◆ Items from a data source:
________________________

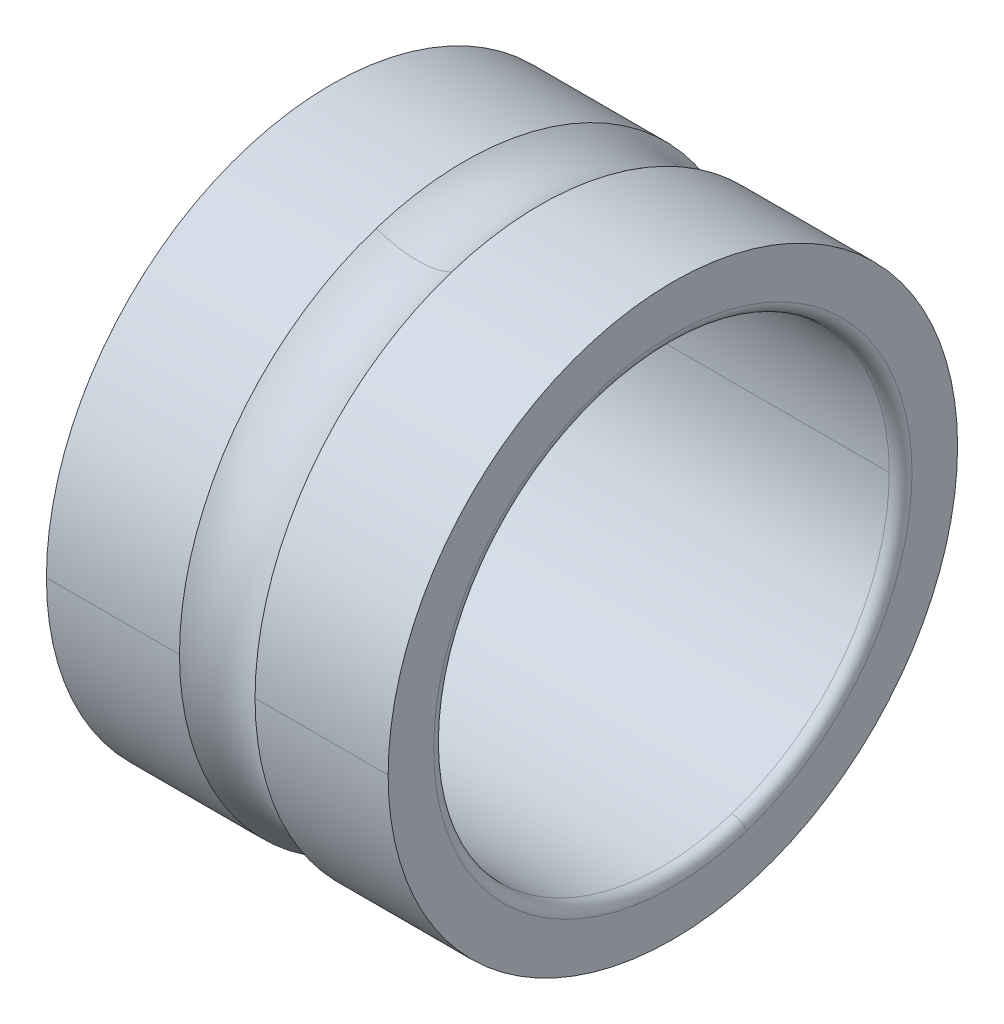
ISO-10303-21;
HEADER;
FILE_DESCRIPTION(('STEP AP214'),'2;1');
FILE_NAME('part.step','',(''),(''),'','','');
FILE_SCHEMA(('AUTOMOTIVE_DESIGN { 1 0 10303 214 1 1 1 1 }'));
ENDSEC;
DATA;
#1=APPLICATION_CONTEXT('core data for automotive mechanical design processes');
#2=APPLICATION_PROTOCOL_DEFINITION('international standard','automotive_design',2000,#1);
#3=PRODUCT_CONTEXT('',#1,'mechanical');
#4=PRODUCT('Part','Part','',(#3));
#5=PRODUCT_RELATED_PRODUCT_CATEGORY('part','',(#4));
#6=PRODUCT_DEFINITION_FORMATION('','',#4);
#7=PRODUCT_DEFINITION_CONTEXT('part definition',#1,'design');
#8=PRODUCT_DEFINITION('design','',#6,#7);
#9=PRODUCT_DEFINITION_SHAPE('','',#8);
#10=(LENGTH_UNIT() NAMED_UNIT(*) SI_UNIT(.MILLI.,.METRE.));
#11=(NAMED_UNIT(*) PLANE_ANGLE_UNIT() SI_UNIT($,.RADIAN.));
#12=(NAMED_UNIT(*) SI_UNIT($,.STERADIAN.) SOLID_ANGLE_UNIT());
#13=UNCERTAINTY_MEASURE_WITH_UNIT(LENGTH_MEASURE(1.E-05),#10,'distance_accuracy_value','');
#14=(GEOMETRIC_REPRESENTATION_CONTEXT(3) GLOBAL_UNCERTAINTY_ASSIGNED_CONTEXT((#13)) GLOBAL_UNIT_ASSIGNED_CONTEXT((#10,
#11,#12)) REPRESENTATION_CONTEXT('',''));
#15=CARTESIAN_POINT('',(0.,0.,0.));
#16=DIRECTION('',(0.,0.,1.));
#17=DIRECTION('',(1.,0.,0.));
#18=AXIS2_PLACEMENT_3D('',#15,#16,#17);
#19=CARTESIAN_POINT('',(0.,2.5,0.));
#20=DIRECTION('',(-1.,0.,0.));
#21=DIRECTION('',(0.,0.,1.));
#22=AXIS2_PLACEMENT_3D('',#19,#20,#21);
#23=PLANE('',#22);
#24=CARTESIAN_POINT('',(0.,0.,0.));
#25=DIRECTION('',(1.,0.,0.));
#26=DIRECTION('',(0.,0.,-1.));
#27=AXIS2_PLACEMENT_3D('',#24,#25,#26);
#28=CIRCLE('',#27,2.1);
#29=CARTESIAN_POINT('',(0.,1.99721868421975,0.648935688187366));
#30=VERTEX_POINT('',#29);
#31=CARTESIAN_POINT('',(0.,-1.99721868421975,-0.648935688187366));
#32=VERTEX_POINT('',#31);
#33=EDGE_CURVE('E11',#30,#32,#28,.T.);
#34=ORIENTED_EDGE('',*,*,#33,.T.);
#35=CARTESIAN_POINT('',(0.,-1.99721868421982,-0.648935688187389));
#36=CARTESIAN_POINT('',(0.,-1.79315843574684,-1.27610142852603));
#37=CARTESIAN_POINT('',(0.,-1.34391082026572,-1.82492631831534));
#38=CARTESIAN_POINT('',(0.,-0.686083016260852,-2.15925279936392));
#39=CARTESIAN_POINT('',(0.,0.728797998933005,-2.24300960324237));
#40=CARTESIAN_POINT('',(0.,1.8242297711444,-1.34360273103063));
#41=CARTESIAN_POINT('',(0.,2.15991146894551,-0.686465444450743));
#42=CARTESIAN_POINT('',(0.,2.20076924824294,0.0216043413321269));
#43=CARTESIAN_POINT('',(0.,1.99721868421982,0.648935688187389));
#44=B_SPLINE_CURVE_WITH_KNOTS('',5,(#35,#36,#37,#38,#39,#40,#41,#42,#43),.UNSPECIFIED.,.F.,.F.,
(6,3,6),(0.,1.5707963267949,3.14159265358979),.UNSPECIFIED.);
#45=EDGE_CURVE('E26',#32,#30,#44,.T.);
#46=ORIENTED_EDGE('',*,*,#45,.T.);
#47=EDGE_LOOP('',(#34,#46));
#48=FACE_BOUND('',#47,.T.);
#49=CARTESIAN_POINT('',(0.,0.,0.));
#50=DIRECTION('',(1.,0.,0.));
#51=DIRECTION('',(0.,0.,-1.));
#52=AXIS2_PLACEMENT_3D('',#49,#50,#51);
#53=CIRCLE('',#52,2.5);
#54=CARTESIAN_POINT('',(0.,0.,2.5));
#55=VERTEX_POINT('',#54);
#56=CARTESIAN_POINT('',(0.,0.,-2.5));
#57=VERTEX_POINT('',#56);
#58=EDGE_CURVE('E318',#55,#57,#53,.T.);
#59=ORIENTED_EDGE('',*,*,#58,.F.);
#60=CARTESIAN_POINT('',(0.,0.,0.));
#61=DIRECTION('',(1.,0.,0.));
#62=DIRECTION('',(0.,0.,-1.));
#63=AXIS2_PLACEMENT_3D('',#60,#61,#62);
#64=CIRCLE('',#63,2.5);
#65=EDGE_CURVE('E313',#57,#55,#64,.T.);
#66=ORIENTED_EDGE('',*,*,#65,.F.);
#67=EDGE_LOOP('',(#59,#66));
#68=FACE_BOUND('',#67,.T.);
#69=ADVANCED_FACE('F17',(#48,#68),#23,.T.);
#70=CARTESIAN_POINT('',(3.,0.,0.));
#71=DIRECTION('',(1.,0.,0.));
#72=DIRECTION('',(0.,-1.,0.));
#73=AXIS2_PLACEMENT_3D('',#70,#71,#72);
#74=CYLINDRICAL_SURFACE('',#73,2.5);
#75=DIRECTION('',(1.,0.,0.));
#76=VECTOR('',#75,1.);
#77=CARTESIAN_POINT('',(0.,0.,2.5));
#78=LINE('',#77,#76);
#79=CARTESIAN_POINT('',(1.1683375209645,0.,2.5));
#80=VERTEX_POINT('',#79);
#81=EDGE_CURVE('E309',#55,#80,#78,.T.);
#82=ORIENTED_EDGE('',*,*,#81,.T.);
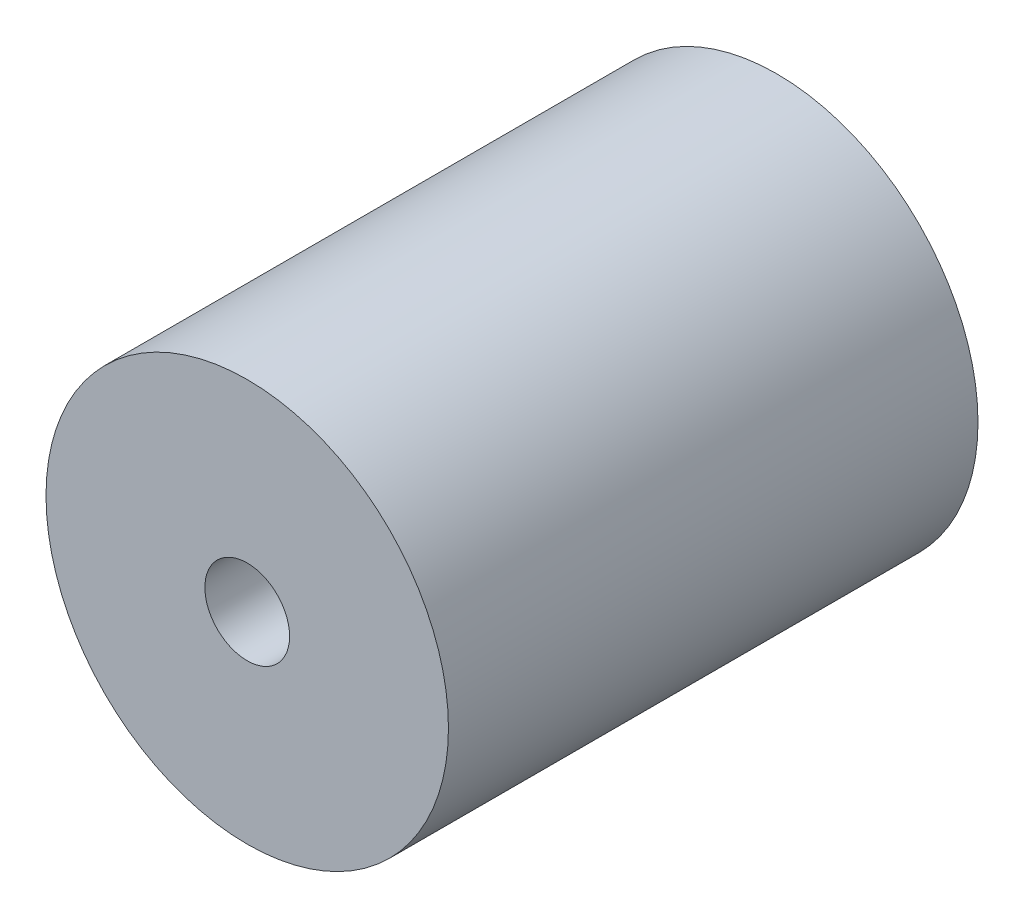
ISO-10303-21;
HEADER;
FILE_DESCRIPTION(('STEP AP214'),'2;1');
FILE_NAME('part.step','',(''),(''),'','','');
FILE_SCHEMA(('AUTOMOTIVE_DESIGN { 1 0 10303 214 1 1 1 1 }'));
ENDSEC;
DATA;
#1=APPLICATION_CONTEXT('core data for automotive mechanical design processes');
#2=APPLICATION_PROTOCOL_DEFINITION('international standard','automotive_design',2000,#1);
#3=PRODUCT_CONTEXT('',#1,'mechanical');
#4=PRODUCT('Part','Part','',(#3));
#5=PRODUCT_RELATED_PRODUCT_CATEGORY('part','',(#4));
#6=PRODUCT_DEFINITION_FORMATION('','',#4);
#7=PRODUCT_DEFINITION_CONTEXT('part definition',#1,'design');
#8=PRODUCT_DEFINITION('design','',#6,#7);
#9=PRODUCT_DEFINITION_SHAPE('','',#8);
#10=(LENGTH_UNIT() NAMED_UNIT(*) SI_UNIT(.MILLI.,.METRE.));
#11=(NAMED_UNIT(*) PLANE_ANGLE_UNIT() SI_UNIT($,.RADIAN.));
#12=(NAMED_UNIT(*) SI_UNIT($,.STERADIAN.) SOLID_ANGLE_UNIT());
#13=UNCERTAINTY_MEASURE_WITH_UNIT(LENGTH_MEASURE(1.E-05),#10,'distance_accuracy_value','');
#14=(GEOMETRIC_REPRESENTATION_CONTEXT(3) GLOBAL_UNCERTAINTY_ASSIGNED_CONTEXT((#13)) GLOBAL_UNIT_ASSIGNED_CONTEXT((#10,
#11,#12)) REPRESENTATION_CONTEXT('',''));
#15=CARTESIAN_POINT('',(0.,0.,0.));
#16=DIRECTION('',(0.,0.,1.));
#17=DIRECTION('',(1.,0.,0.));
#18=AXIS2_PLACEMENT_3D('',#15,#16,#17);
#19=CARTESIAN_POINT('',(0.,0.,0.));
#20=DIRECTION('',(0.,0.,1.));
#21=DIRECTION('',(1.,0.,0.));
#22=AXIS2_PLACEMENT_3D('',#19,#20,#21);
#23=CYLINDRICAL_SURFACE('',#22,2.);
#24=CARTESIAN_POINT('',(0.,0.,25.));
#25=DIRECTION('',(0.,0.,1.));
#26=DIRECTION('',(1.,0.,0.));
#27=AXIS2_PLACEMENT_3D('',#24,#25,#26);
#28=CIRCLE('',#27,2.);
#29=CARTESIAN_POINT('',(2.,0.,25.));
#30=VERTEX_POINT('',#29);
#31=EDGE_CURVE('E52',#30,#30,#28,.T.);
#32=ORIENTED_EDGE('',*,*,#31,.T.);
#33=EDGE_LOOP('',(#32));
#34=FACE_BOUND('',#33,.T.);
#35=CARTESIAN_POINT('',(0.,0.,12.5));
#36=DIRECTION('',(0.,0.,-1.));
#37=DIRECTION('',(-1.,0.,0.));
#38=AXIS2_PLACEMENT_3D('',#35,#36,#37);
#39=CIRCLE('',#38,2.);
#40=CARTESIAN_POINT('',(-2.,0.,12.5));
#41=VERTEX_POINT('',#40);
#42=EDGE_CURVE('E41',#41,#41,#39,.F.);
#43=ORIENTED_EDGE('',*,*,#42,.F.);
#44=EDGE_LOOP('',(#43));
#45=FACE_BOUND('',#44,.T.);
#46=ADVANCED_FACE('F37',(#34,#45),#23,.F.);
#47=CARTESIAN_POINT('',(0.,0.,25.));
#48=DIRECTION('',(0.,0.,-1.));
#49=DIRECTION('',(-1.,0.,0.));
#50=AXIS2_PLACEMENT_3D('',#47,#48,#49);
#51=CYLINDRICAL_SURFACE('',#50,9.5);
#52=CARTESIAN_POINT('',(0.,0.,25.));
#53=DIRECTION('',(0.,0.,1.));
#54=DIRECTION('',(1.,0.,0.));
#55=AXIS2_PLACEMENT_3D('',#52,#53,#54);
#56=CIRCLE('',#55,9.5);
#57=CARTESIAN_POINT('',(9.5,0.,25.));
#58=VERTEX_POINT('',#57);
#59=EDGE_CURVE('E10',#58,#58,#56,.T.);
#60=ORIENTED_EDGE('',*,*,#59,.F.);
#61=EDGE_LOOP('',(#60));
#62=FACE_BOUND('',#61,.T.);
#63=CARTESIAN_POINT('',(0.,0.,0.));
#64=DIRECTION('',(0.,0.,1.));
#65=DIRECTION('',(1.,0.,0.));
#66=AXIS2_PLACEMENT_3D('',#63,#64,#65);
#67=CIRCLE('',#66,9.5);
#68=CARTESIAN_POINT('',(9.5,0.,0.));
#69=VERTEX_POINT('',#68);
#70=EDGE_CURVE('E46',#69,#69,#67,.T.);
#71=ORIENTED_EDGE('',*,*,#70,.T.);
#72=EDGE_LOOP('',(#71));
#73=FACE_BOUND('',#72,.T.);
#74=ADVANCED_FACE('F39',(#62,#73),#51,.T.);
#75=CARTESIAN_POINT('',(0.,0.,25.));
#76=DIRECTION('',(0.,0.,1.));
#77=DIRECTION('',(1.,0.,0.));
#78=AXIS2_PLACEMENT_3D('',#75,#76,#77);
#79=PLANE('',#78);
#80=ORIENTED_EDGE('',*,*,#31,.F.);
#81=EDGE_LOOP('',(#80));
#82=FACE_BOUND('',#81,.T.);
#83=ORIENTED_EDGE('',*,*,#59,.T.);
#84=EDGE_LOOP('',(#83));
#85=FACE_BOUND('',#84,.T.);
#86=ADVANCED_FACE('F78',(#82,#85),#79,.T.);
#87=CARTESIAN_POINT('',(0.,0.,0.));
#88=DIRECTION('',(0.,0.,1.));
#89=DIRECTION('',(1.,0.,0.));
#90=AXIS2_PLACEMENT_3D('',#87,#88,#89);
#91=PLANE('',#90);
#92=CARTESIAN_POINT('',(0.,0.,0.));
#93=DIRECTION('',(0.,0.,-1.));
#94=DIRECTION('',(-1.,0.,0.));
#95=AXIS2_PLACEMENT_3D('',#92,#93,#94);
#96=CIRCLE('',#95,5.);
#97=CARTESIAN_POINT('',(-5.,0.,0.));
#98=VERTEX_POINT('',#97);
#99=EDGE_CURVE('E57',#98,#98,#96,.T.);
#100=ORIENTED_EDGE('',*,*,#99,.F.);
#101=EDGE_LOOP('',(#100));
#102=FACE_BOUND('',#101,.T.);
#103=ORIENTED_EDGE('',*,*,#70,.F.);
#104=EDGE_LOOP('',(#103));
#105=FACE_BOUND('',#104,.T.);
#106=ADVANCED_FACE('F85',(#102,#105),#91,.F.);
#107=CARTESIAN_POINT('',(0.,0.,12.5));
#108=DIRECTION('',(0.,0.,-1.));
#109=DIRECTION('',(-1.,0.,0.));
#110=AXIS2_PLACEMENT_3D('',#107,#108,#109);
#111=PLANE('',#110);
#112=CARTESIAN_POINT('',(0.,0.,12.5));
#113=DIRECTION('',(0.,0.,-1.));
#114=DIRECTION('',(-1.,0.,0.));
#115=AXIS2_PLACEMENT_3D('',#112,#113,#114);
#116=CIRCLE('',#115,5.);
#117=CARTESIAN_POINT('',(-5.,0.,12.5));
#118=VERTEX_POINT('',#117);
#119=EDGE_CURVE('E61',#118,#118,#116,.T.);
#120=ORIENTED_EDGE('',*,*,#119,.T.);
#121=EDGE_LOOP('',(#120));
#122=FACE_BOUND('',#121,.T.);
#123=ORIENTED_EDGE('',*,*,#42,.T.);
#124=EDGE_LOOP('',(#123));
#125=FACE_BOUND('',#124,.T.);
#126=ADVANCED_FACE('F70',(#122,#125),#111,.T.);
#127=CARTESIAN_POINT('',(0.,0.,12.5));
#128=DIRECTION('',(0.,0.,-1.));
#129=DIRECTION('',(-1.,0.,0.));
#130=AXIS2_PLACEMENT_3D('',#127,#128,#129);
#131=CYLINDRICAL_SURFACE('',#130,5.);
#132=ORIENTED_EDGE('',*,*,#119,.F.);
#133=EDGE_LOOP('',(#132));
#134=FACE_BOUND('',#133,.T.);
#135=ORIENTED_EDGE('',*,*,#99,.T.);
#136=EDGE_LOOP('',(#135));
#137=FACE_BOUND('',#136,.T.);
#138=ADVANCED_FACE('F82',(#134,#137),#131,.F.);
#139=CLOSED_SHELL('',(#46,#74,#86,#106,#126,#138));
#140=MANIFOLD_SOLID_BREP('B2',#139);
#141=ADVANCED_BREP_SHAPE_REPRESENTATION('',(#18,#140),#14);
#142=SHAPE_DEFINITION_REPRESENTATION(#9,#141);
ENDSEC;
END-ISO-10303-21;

________________________

◆ Assigned task: Above are the entries. Copy exactly the part that opens with the line containing "#103=ORIENTED_EDGE('',*,*,#70,.F.);" and closes with the line containing "#124=EDGE_LOOP('',(#123));", and no more.

◆ Solution:
#103=ORIENTED_EDGE('',*,*,#70,.F.);
#104=EDGE_LOOP('',(#103));
#105=FACE_BOUND('',#104,.T.);
#106=ADVANCED_FACE('F85',(#102,#105),#91,.F.);
#107=CARTESIAN_POINT('',(0.,0.,12.5));
#108=DIRECTION('',(0.,0.,-1.));
#109=DIRECTION('',(-1.,0.,0.));
#110=AXIS2_PLACEMENT_3D('',#107,#108,#109);
#111=PLANE('',#110);
#112=CARTESIAN_POINT('',(0.,0.,12.5));
#113=DIRECTION('',(0.,0.,-1.));
#114=DIRECTION('',(-1.,0.,0.));
#115=AXIS2_PLACEMENT_3D('',#112,#113,#114);
#116=CIRCLE('',#115,5.);
#117=CARTESIAN_POINT('',(-5.,0.,12.5));
#118=VERTEX_POINT('',#117);
#119=EDGE_CURVE('E61',#118,#118,#116,.T.);
#120=ORIENTED_EDGE('',*,*,#119,.T.);
#121=EDGE_LOOP('',(#120));
#122=FACE_BOUND('',#121,.T.);
#123=ORIENTED_EDGE('',*,*,#42,.T.);
#124=EDGE_LOOP('',(#123));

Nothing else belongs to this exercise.